:: ASSIGNMENT ::
Only lines with the string "axes" are wanted. Pull them out of the data.

:: Records from a data collection ::
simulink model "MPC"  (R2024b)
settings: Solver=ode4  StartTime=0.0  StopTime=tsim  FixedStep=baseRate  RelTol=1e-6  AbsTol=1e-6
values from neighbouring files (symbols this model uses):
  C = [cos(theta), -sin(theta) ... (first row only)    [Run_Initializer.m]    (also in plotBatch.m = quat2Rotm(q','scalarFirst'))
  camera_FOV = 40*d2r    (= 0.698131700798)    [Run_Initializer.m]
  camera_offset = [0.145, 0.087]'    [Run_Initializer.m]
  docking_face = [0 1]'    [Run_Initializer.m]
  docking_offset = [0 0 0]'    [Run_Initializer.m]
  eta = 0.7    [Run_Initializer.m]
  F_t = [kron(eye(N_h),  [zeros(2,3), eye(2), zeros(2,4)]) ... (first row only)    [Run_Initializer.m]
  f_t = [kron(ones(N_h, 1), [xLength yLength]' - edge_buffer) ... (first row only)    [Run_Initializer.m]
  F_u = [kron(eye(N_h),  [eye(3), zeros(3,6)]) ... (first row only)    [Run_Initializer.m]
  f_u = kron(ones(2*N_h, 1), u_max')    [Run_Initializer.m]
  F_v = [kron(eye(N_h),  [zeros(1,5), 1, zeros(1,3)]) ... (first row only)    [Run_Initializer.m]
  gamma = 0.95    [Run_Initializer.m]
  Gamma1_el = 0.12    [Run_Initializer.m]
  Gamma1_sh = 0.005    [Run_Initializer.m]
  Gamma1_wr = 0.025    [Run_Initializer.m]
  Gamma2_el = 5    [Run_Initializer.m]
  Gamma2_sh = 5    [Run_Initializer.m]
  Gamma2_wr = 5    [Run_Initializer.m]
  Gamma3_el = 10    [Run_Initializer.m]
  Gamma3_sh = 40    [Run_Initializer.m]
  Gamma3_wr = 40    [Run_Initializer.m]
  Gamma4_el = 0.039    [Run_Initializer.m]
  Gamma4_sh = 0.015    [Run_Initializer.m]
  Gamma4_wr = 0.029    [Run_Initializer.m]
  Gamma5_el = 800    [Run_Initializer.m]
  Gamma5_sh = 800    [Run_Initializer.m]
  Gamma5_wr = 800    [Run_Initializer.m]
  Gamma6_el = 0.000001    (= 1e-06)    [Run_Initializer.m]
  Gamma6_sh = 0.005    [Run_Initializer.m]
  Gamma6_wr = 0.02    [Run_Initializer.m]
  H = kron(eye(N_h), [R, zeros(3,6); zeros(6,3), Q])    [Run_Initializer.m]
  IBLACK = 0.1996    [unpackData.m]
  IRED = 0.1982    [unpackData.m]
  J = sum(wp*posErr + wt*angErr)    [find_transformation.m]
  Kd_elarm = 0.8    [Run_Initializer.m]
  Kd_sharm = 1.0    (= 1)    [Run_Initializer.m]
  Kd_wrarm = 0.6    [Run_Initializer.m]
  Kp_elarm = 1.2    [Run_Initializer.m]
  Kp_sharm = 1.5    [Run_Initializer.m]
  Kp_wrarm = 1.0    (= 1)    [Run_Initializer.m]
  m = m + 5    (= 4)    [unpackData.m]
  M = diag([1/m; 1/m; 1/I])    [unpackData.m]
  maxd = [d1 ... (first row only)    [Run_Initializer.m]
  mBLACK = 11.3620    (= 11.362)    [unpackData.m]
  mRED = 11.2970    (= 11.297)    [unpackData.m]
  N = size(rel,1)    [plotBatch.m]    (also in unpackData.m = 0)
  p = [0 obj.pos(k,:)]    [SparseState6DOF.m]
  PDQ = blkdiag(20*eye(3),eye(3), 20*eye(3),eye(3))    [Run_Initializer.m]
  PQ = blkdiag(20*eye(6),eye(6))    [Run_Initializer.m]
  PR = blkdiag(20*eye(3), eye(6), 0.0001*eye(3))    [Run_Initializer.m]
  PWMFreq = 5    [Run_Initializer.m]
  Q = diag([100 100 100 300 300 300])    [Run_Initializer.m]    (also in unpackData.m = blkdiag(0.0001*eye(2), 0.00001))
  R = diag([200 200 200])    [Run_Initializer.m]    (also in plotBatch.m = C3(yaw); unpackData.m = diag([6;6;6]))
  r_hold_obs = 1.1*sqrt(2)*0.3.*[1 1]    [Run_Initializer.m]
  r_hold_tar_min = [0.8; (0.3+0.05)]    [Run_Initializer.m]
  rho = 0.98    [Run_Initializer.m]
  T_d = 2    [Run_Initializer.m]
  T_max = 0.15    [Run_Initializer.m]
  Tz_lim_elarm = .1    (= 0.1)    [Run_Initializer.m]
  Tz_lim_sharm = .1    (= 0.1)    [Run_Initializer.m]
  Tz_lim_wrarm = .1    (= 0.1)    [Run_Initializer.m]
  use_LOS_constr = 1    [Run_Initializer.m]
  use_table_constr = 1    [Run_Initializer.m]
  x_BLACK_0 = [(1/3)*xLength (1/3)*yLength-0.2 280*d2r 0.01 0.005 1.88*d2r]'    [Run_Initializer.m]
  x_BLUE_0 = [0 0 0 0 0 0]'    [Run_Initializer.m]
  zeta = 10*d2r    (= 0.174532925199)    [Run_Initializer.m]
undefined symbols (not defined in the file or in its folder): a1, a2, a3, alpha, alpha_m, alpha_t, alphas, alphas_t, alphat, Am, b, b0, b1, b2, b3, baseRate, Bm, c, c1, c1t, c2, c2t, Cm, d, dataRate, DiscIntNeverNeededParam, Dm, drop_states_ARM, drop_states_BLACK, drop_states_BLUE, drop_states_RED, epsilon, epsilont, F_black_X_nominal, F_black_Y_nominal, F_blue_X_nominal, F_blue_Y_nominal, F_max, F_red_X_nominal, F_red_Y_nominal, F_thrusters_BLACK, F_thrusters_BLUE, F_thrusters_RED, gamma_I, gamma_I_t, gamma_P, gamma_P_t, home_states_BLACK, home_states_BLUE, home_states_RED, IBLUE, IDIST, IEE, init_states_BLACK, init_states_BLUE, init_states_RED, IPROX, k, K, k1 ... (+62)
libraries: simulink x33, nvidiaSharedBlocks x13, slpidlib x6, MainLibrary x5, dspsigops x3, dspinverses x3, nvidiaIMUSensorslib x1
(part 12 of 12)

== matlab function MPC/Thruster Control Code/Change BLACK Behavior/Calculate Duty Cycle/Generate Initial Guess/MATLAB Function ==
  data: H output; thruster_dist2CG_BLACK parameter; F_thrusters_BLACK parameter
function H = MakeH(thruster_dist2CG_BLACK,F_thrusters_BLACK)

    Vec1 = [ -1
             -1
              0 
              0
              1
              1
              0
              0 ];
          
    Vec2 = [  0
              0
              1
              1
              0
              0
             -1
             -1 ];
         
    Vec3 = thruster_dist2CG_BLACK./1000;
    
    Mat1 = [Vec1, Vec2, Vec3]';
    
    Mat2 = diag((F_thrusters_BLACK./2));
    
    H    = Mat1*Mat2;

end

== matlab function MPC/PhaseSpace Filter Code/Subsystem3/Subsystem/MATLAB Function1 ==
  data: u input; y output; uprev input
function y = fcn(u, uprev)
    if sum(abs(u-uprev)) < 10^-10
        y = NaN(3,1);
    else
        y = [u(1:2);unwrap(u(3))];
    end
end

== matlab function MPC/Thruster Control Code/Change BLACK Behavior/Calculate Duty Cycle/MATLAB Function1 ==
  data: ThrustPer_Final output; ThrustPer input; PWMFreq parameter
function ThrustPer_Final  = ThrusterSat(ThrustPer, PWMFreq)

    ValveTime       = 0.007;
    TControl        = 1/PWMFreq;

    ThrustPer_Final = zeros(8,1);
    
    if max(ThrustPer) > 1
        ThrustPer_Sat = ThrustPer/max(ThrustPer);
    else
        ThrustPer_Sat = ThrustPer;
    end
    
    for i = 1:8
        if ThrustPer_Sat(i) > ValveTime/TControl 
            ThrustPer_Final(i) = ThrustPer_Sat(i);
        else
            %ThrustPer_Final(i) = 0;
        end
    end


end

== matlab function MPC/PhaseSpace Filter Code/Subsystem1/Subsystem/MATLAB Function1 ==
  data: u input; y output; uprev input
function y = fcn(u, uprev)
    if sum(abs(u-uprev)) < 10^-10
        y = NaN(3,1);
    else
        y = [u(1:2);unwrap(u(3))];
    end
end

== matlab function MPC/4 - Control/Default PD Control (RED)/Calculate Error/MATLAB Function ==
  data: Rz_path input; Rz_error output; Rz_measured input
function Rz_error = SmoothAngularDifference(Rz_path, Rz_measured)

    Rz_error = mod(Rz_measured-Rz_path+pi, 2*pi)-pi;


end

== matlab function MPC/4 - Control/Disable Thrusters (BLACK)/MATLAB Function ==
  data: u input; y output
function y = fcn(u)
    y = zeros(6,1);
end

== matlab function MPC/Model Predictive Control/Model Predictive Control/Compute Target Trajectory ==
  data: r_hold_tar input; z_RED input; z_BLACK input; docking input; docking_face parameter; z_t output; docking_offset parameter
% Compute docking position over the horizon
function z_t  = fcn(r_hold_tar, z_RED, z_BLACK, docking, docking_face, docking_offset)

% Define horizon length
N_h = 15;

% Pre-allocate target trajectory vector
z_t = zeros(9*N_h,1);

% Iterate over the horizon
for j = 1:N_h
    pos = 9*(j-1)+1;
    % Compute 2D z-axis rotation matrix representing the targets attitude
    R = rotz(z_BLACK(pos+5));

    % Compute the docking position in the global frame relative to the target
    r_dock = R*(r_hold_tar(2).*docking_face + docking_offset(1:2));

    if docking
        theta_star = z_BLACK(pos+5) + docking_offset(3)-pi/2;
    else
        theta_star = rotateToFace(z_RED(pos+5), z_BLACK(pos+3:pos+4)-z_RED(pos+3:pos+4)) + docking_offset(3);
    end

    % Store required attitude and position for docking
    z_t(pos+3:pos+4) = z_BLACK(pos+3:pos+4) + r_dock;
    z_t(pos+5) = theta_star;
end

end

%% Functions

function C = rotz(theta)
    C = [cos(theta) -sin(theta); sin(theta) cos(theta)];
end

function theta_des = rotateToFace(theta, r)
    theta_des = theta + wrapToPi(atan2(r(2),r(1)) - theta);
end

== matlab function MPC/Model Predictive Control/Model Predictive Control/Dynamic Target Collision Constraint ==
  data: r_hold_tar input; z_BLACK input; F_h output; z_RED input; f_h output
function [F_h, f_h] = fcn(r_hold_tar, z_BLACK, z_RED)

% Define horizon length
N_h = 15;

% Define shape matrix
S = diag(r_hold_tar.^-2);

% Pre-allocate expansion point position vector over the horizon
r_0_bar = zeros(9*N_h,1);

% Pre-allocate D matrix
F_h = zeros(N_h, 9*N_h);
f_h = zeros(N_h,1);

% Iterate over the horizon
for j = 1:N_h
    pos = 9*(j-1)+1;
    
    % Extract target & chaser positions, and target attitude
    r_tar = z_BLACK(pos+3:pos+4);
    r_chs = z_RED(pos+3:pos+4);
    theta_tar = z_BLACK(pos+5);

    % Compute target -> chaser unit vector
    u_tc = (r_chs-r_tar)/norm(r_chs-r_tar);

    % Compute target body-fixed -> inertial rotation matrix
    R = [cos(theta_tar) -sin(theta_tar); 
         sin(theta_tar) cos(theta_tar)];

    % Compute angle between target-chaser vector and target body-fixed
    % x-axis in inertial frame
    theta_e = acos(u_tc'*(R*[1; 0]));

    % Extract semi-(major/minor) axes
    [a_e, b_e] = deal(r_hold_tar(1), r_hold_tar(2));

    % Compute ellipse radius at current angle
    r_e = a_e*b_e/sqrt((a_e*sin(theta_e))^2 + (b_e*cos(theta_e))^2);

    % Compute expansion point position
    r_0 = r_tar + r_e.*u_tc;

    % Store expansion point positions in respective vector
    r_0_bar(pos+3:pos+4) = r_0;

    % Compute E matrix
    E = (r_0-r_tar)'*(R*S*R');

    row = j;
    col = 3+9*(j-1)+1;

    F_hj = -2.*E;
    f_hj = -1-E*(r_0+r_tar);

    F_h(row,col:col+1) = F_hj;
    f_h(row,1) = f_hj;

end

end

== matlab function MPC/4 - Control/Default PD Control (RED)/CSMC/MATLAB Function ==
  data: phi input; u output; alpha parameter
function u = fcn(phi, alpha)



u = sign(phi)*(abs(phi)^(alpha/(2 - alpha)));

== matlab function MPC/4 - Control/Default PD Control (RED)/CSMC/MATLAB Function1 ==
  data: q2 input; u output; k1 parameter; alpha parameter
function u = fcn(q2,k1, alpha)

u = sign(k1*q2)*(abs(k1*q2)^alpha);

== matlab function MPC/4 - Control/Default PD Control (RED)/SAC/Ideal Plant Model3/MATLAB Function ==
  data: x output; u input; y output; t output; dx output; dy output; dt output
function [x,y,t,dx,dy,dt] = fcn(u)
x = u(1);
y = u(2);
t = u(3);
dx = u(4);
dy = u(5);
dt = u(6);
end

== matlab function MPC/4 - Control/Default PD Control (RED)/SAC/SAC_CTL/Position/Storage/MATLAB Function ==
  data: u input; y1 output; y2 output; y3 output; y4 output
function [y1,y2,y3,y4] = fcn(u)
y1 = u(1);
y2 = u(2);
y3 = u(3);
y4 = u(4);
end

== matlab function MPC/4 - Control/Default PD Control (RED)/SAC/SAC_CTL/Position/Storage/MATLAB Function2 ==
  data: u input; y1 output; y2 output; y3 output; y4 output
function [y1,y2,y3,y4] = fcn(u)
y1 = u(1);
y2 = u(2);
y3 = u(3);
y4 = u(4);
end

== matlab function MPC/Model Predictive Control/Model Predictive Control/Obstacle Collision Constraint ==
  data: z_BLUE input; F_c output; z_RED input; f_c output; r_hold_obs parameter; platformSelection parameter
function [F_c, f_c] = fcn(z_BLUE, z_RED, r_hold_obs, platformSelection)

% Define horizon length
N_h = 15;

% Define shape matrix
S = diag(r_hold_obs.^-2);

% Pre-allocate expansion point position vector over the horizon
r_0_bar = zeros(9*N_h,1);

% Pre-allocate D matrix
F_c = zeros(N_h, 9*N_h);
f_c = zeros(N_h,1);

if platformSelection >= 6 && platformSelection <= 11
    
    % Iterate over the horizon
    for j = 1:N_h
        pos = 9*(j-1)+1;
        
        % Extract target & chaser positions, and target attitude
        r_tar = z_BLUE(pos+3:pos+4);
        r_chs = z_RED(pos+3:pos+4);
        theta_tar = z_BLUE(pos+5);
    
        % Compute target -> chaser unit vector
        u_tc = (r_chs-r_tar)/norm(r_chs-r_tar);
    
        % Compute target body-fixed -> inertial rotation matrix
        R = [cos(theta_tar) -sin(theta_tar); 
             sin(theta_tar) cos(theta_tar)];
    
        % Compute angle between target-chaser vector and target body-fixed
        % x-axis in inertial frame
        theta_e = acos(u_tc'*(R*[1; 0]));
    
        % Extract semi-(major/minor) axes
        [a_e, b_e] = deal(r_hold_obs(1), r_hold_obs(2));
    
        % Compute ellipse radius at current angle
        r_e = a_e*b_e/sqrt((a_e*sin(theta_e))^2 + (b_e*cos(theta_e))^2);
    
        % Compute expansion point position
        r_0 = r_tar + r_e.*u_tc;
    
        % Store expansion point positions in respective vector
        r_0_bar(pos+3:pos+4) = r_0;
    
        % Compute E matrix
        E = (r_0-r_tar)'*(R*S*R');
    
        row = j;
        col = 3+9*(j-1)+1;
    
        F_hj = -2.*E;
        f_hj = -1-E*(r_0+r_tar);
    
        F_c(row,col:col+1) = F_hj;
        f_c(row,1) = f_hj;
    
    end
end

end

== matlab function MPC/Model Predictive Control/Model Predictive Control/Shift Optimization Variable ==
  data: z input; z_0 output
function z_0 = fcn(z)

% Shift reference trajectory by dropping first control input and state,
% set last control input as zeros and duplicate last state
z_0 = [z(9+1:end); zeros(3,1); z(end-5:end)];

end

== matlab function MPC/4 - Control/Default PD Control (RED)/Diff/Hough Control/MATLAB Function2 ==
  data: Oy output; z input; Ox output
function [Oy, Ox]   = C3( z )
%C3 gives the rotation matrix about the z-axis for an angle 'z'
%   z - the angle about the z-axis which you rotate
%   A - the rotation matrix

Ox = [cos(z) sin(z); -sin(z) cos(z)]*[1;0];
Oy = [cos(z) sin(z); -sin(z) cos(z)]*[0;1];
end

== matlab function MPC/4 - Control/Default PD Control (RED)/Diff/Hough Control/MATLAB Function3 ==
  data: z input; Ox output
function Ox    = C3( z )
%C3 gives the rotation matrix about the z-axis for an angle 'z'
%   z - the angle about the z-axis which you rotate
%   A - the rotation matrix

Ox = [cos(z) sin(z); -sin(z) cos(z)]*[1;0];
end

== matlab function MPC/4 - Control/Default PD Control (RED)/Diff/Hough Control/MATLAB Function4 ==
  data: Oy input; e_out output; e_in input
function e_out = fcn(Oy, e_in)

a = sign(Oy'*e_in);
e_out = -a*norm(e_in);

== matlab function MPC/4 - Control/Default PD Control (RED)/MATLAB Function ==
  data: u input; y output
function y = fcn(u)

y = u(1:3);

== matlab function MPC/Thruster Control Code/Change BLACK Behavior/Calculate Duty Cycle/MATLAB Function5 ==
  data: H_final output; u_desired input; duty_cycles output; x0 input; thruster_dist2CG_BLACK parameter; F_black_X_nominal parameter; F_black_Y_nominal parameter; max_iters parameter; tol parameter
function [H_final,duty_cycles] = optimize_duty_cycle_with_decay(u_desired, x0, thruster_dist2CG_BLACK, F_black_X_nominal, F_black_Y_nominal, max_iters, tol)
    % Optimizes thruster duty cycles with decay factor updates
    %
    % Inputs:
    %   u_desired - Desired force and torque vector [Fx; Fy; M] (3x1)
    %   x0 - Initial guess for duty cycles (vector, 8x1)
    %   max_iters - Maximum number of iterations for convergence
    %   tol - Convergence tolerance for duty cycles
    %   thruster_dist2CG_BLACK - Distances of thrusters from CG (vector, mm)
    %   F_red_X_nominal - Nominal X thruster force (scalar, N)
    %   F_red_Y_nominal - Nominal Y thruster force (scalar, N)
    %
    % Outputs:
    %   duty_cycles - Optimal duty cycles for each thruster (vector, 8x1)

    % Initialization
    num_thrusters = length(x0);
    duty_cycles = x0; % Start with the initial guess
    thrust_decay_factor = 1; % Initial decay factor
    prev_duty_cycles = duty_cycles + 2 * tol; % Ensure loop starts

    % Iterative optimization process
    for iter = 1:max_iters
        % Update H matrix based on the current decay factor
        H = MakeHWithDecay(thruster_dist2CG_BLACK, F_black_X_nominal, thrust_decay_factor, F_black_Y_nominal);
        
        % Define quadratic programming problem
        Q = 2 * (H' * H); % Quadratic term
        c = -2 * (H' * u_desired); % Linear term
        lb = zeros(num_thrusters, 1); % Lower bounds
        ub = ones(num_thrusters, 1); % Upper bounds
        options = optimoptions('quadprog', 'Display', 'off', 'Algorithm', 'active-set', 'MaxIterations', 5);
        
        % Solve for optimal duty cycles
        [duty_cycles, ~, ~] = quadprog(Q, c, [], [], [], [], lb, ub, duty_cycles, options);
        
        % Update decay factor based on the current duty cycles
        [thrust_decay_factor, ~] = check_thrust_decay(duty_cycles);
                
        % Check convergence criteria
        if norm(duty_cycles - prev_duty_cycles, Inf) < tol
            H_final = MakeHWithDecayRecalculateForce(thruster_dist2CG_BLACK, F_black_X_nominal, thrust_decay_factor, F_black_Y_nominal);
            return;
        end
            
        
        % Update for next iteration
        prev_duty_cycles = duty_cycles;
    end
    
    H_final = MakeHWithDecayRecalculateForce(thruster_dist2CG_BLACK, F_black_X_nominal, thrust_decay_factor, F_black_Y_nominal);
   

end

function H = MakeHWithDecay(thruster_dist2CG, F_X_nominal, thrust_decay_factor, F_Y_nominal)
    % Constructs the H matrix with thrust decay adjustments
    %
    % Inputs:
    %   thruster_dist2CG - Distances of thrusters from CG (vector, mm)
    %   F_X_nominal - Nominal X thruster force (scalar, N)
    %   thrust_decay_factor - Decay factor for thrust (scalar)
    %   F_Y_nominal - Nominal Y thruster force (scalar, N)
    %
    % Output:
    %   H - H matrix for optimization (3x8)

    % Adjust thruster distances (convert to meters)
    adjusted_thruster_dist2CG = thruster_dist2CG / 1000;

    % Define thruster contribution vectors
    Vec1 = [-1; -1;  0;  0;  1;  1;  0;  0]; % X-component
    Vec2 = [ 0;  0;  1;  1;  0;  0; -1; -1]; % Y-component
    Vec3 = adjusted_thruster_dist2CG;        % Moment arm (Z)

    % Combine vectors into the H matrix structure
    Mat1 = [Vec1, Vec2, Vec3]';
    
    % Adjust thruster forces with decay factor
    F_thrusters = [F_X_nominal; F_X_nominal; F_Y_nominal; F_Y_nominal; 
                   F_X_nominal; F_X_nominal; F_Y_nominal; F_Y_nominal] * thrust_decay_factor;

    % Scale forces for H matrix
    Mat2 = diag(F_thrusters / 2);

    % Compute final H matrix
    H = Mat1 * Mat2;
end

:: RESPONSE TO THE TASK ::
    % Extract semi-(major/minor) axes
        % Extract semi-(major/minor) axes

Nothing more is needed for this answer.